I do think that there are hints of Iron Age stories still contained even in the acceopted late medieval Arthurian epic. For example, his sword. Excalbutr is the latinised form of Caliburn, a celtic name, and the naming of weapons, even giving them personalities of their own, was a feature of Iron Age British culture long before Gary Gygax used the idea in Dungeons & Dragons. Note also the "Lady In The Lake", a mythical entity with clear parallels to the importance of water in ancient British rituals, which did include that of sacrificing weaponry.

It's a bit speculative, but hidden in Arthurian mythos and sanitised for medieval christian expectations is perhaps the story of a man who falls upon hard times and sacrifices everything he has for good fortune. His prayers are answered and he's given the sword, which will make him King above all others, but beware - the sword is borriowed, and will one day be required to be handed back. But of course power corrupts and our hero refuises the summons, fearing his reign will end without it, or simply that he now regards the weapon as his own property - He is king, you know - which it does anyway because he's broken hos covenant with the water spirits that spurred his success.
 
Dec 2009
918
some scholars, such as Brian Sykes & Colin Renfrew & Barry Cunliffe in the documentary Celts - the Complete Series (ep.1), purport to perceive cultural "Celtic" continuity, back through the Iron Age, thru the Bronze Age, thru to the Neolithic & Mesolithics. In the documentary, Sykes analyzed only mtDNA, to reach those conclusions.
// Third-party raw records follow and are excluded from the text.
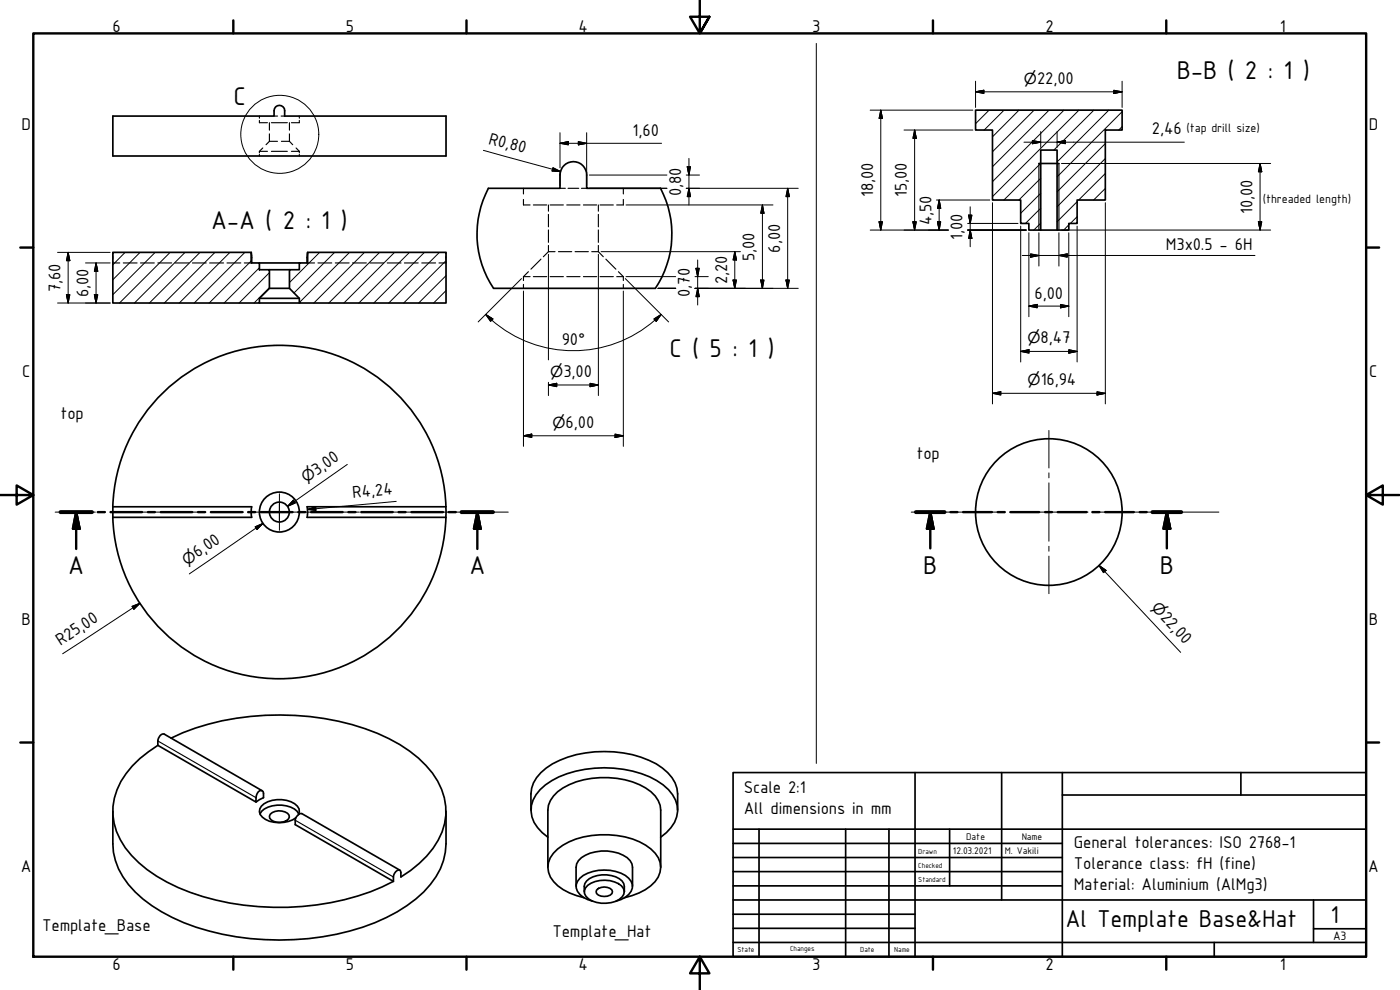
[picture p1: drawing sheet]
<svg xmlns="http://www.w3.org/2000/svg" width="420mm" height="297mm" viewBox="0 0 420 297" stroke-linecap="round" stroke-linejoin="round" font-family="sans-serif">
<!-- layer: Hatch (ISO) -->
<g fill="none" stroke="#000" stroke-width=".3">
<path d="M296.8 33l-4 4.1M301.3 33l-5.9 6M305.8 33l-7.9 8M310.3 33l-12.4 12.5M314.8 33l-16.9 17M319.3 33l-21.4 21.5M323.8 33l-25.9 26M328.3 33l-12 12M332.8 33l-15.6 15.6M336.8 38l-1.1 1M336.8 33.5l-19.6 19.6M312.3 58l-6 6"/>
<path d="M312.3 53.5l-6.5 6.5M312.3 49l-11 11M331.7 56.5l-3.5 3.5M331.7 52.1l-8 7.9M331.7 47.6l-14.5 14.4M331.7 43.1l-14.5 14.5M37.5 75.7l-3.6 3.7M42 75.7l-8.1 8.2M46.6 75.7l-12.7 12.7M51.1 75.7l-15.2 15.2M55.5 75.7l-15.2 15.2M60 75.7l-15.2 15.2"/>
<path d="M64.5 75.7l-15.2 15.2M69 75.7l-15.2 15.2M73.5 75.7l-15.2 15.2M75.4 78.3l-12.6 12.6M95.9 75.7l-9 9.1M100.4 75.7l-12.2 12.2M104.9 75.7l-15.1 15.1M109.4 75.7l-15.2 15.2M113.9 75.7l-15.2 15.2M118.4 75.7l-15.2 15.2M122.9 75.7l-15.2 15.2M127.4 75.7l-15.2 15.2"/>
<path d="M131.9 75.7l-15.2 15.2M133.9 78.2l-12.7 12.7M312.3 67l-2 2M312.3 62.5l-4.5 4.5M320.8 67.5l-1.6 1.5M323.3 65l-2.1 2M323.3 60.5l-6.1 6M77.9 80.3l-10.6 10.6M80.9 86.3l-4.7 4.6M80.9 81.8l-9.1 9.1M133.9 87.2l-3.8 3.7M133.9 82.7l-8.3 8.2"/>
</g>
<!-- layer: Visible (ISO) -->
<g fill="none" stroke="#000" stroke-width=".51">
<path d="M33.9 34.8h48.4v-1.6a1.59 1.59 0 0 1 1.5-1.6 1.59 1.59 0 0 1 1.6 1.6v1.6h48.5v12h-100zM292.8 33h44v6h-5.1v21h-8.4v7h-2.5v2h-3.6v-24h-4.9v24h-3.5v-2h-2.5v-7h-8.4v-21h-5.1zM146.6 56.5h21.5v-4a4 4 0 0 1 4-4 4 4 0 0 1 4 4v4h22.1M311.8 49.1h6M33.9 75.7h41.5v3.2h2.5v2h3v5.6l-3 3v1.4h-44zM75.4 75.7l.1 3.2M77.9 78.9h11.9M92.3 75.7l-.1 3.2M312.3 69h4.9M77.9 90.9h11.9M77.9 89.5h11.9M80.9 86.5h6"/>
<path d="M80.9 80.9h6M86.9 80.9h2.9v-2h2.5v-3.2h41.6v15.2h-44.1v-1.4l-2.9-3zM148.1 86.5h48.6M33.8 155.2a50 50 0 0 0 50 48.5 50 50 0 0 0 50-48.5M33.9 152a50 50 0 0 1 49.9-48.4 50 50 0 0 1 50 48.4M33.9 152h41.6v3.2h-41.6zM92.2 152h41.6v3.2h-41.6l.1-1.5zM47.4 223.6a28.7 28.7 0 0 0-12.3 13.3 18.3 18.3 0 0 0 4.4 19.8 49.6 49.6 0 0 0 25.4 13.4 81 81 0 0 0 49.8-4l3.4-1.7M51.4 221.5a78.6 78.6 0 0 1 45.9-5.9 57.1 57.1 0 0 1 28.3 11.8 21.4 21.4 0 0 1 8.2 17.1 22 22 0 0 1-8 14.6l-2.6 2.1-2.9 1.9v-1.3l-.3-.7a1.93 1.93 0 0 0-1.9 2v1.3M78.7 237.3l-29.4-17a1.87 1.87 0 0 0-1.9 2v1.3l29.4 17.1a2.79 2.79 0 0 1 1.5-3.5l.7 .4 .1 1.7-2.3 1.4M33.9 243.4v9.8a20.4 20.4 0 0 0 6.7 14.4 52.7 52.7 0 0 0 26.2 12.7 79.8 79.8 0 0 0 49.2-5 34 34 0 0 0 16.2-14.6l.9-2.5 .5-2.5 .3-2.5v-9.8M78 244.2a6.7 6.7 0 0 1 6.6-2.6 6.2 6.2 0 0 1 5.1 2.6"/>
<path d="M81.1 244.3a4 4 0 0 1 5.6 .3 1.64 1.64 0 0 1-1.6 2 3.9 3.9 0 0 1-4.2-1.1v-.6zM89.6 244.4a2.39 2.39 0 0 0-1.2-3.2 8.6 8.6 0 0 0-10 .7 2.46 2.46 0 0 0 1.3 4 9.2 9.2 0 0 0 9.1-.6M159.3 243.1v-4.9a11.1 11.1 0 0 1 6.5-9 34.7 34.7 0 0 1 31.1 0 11.2 11.2 0 0 1 6.5 9v4.9M164.4 251.2a9.6 9.6 0 0 1-4.9-9.5 13.2 13.2 0 0 1 8.3-8.6 34.7 34.7 0 0 1 29.3 1.1 10.8 10.8 0 0 1 6.3 9.2 10.1 10.1 0 0 1-5.1 7.8M120 261.1l-29.4-17a2.16 2.16 0 0 0-2 2v1.3l29.5 17M164.4 260.2v-17.1a9.3 9.3 0 0 1 6.4-7.7 26.5 26.5 0 0 1 23 1 8.4 8.4 0 0 1 4.5 6.7v17.1M172.9 265.9v-5.7a4.3 4.3 0 0 1 2.8-3.6 12.8 12.8 0 0 1 12.5 .7l.9 .9 .6 1 .1 6.7M175.3 269.4a15 15 0 0 1-10.1-6.2 6.5 6.5 0 0 1 2.1-8.5 24.3 24.3 0 0 1 20.3-3.6 15 15 0 0 1 10 6.3 6.6 6.6 0 0 1-2.3 8.4 18.8 18.8 0 0 1-7.9 3.6M175.3 267.6a3.6 3.6 0 0 1 2.7-4.5 8.9 8.9 0 0 1 8.7 1.2l.5 .8 .2 .8v1.7M176.4 265.6a8.8 8.8 0 0 1 10.1 .2 2.39 2.39 0 0 1-.7 4.1 8.5 8.5 0 0 1-9.9-1 2.26 2.26 0 0 1 .5-3.3zM177.9 270.4a6.3 6.3 0 0 1-5-4 4.3 4.3 0 0 1 3.5-4.4 12.3 12.3 0 0 1 12.3 1.5 3.4 3.4 0 0 1-1 5.7l-2.9 1.2M179.1 267a3.4 3.4 0 0 1 4.5 0l.2 .6a2.1 2.1 0 0 1-2.4 1.4 2.1 2.1 0 0 1-2.5-1.4z"/>
<circle cx="83.8" cy="153.6" r="6"/>
<circle cx="83.8" cy="153.6" r="2.98"/>
<circle cx="314.8" cy="153.6" r="22"/>
</g>
<!-- layer: Hidden (ISO) -->
<g fill="none" stroke="#000" stroke-width=".34">
<path d="M77.9 36.1v.7h2.4M77.9 34.8v.7M80.9 36.8v2.3M81.4 36.8h4.8M82.3 34.8h1M84.4 34.8h1M86.9 36.8v2.3M89.8 36.1v.7h-2.3M89.8 34.8v.7M77.9 45.4h2.4M77.9 45.4v.5M77.9 46.3v.5"/>
<path d="M78.9 44.4l-1 1M80.9 42.4h2.4M80.9 42.4l-1.1 1M80.9 40.2v2.2M81.4 45.4h4.8M84.5 42.4h2.4M86.9 42.4l.9 1M86.9 40.2v2.2M87.5 45.4h2.3M88.9 44.4l.9 1M89.8 45.4v.5M89.8 46.3v.5"/>
<path d="M157.1 59.8v1.7h2M157.1 56.5v1.7M168.1 56.5h1.6M170.5 56.5h3.2M174.5 56.5h1.6M187.1 59.8v1.7h-2M187.1 56.5v1.7M33.9 75.7v.5M33.9 76.8v1M33.9 78.4v.5h2M37 78.9h4.1M42.2 78.9h4.1"/>
<path d="M47.4 78.9h4.1M52.5 78.9h4.2M57.7 78.9h4.2M62.9 78.9h4.2M68.1 78.9h4.2M73.3 78.9h2.1M92.3 78.9h2.1M95.4 78.9h4.2M100.6 78.9h4.2M105.8 78.9h4.1M111 78.9h4.1M116.2 78.9h4.2"/>
<path d="M121.4 78.9h4.1M126.6 78.9h4.1M133.8 76.8v1M133.8 78.4v.5h-2.1M133.9 75.7l-.1 .5M160.1 61.5h4M162.3 77.8l-3 3M164.6 75.5h2M164.6 75.5l-1.5 1.5M164.6 61.5v1.9M164.6 64.3v3.8M164.6 69v3.7"/>
<path d="M164.6 73.6v1.9M165.1 61.5h4M167.6 75.5h4M170.1 61.5h4M172.6 75.5h4M175.1 61.5h4M177.6 75.5h2M179.6 75.5l1.5 1.5M179.6 61.5v1.9M179.6 64.3v3.8M179.6 69v3.7M179.6 73.6v1.9"/>
<path d="M180.1 61.5h4M181.8 77.8l3 3M157.1 83h2M157.1 83v1.2M157.1 85.3v1.2M158.6 81.5l-1.5 1.5M160.1 83h4M165.1 83h4M170.1 83h4M175.1 83h4M180.1 83h4M185.1 83h2"/>
<path d="M185.6 81.5l1.5 1.5M187.1 83v1.2M187.1 85.3v1.2"/>
</g>
<!-- layer: Visible Narrow (ISO) -->
<path d="M311.8 49.1v19.9M317.8 49.1v19.9M47.4 222.3l29.4 17M88.6 246.1l29.5 17" fill="none" stroke="#000" stroke-width=".34"/>
<!-- layer: Break Line (ISO) -->
<path d="M146.6 56.5a29.2 29.2 0 0 0 1.5 30M198.2 56.5a29.4 29.4 0 0 1-1.5 30" fill="none" stroke="#000" stroke-width=".51"/>
<!-- layer: Section Line (ISO) -->
<g fill="none" stroke="#000" stroke-width=".72">
<path d="M18.2 153.7h9.4M22.9 153.7l1 5h-2zM22.9 153.7v11M29.3 153.7h2.2M33.2 153.7h9.4M44.4 153.7h2.1M48.3 153.7h9.4M59.4 153.7h2.2M63.3 153.7h9.4M74.5 153.7h2.1M78.3 153.7h9.5M89.5 153.7h2.1"/>
<path d="M93.4 153.7h9.4M104.6 153.7h2.1M108.4 153.7h9.5M119.6 153.7h2.1M123.5 153.7h9.4M134.7 153.7h2.1M138.5 153.7h9.5M143.3 153.7l.9 5h-2zM143.3 153.7v11M274.9 153.7h8.6M279.2 153.7l1 5h-2zM279.2 153.7v10.8"/>
<path d="M285.2 153.7h2.1M289.1 153.7h8.6M299.4 153.7h2.1M303.3 153.7h8.6M313.6 153.7h2.1M317.5 153.7h8.6M327.8 153.7h2.1M331.7 153.7h8.6M342.1 153.7h2M345.9 153.7h8.6M350.2 153.7l1 5h-2zM350.2 153.7v10.8"/>
</g>
<path d="M18.2 153.7h9.4M138.5 153.7h9.5M274.9 153.7h8.6M345.9 153.7h8.6" fill="none" stroke="#000" stroke-width="1.2"/>
<path d="M22.9 153.7l1 5zM22.9 153.7l1 5h-2zM143.3 153.7l.9 5zM143.3 153.7l.9 5h-2zM279.2 153.7l1 5zM279.2 153.7l1 5h-2zM350.2 153.7l1 5zM350.2 153.7l1 5h-2z" fill="#000" stroke="#000" stroke-width=".72"/>
<!-- layer: Detail Boundary (ISO) -->
<circle cx="84" cy="40.3" r="11.7" fill="none" stroke="#000" stroke-width=".3"/>
<!-- layer: Border (ISO) -->
<g fill="none" stroke="#000" stroke-width=".72">
<path d="M10 10h400v277h-400zM70 6.1v3.9M140 6.1v3.9M210 0v10l-2.9-5h5.8l-2.9 5 2.9-5M280 6.1v3.9M350 6.1v3.9M6.1 74.3h3.9M410 74.3h3.9M0 148.5h10l-5-2.8v5.7l5-2.9M410 148.5l5 2.9v-5.7l-5 2.8h10M6.1 222.8h3.9M410 222.8h3.9"/>
<path d="M70 287v3.9M140 287v3.9M210 287l2.9 5h-5.8l2.9-5v10M280 287v3.9M350 287v3.9"/>
</g>
<!-- layer: Title (ISO) -->
<g fill="none" stroke="#000" stroke-width=".51">
<path d="M220 231.8h190v55.2h-190zM274.6 231.8v55.2M300.6 231.8v38.2M318.8 238.5h91.2M318.8 231.8v55.2M372.4 231.8v6.7M220 253.1h98.8M220 257.3h98.8M220 248.8h190M227.8 248.8v38.2M253.8 248.8v38.2M266.8 248.8v38.2"/>
<path d="M285 248.8v17M220 261.5h98.8M220 265.8h98.8M220 270h190M220 274.3h54.6M220 278.5h54.6M394.2 278.7h15.8M394.2 270v12.8M220 282.8h190M364.4 282.8v4.2"/>
</g>
<!-- layer: Sketch Geometry (ISO) -->
<path d="M245 13v216.1" fill="none" stroke="#000" stroke-width=".3"/>
<!-- layer: Center Mark (ISO) -->
<g fill="none" stroke="#000" stroke-width=".3">
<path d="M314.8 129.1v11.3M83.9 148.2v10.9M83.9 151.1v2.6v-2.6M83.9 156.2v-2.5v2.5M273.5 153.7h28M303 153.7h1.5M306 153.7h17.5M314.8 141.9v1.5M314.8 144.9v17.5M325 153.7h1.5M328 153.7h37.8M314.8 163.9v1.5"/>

others seem to say, that PIE speaking "Celts" came wielding weapons of iron, causing the Iron Age. Vaguely about that time of transition (BA -> IA), the older megalithic monuments seemingly faded out of use, consistent with a cultural break, towards newer non-originally-native arrivals. If so, then BA / Neolithic myths plausibly faded out of parlance, with the "religiously" important monuments.

to borrow a phrase, assuming partial (matriarchal) continuity seems to "resolve, if not settle, the issue".

what about the Basques ? Tracing the Basques backwards through time, thru the Aquitani of Caesar's day... and then to the "Atlantic Bronze Age culture" (?)... and then to the Atlantic "Beaker" culture (?)...

would imply, that the oldest pre-Roman, even pre-IE myths, might be maintained, amongst the Basques (?).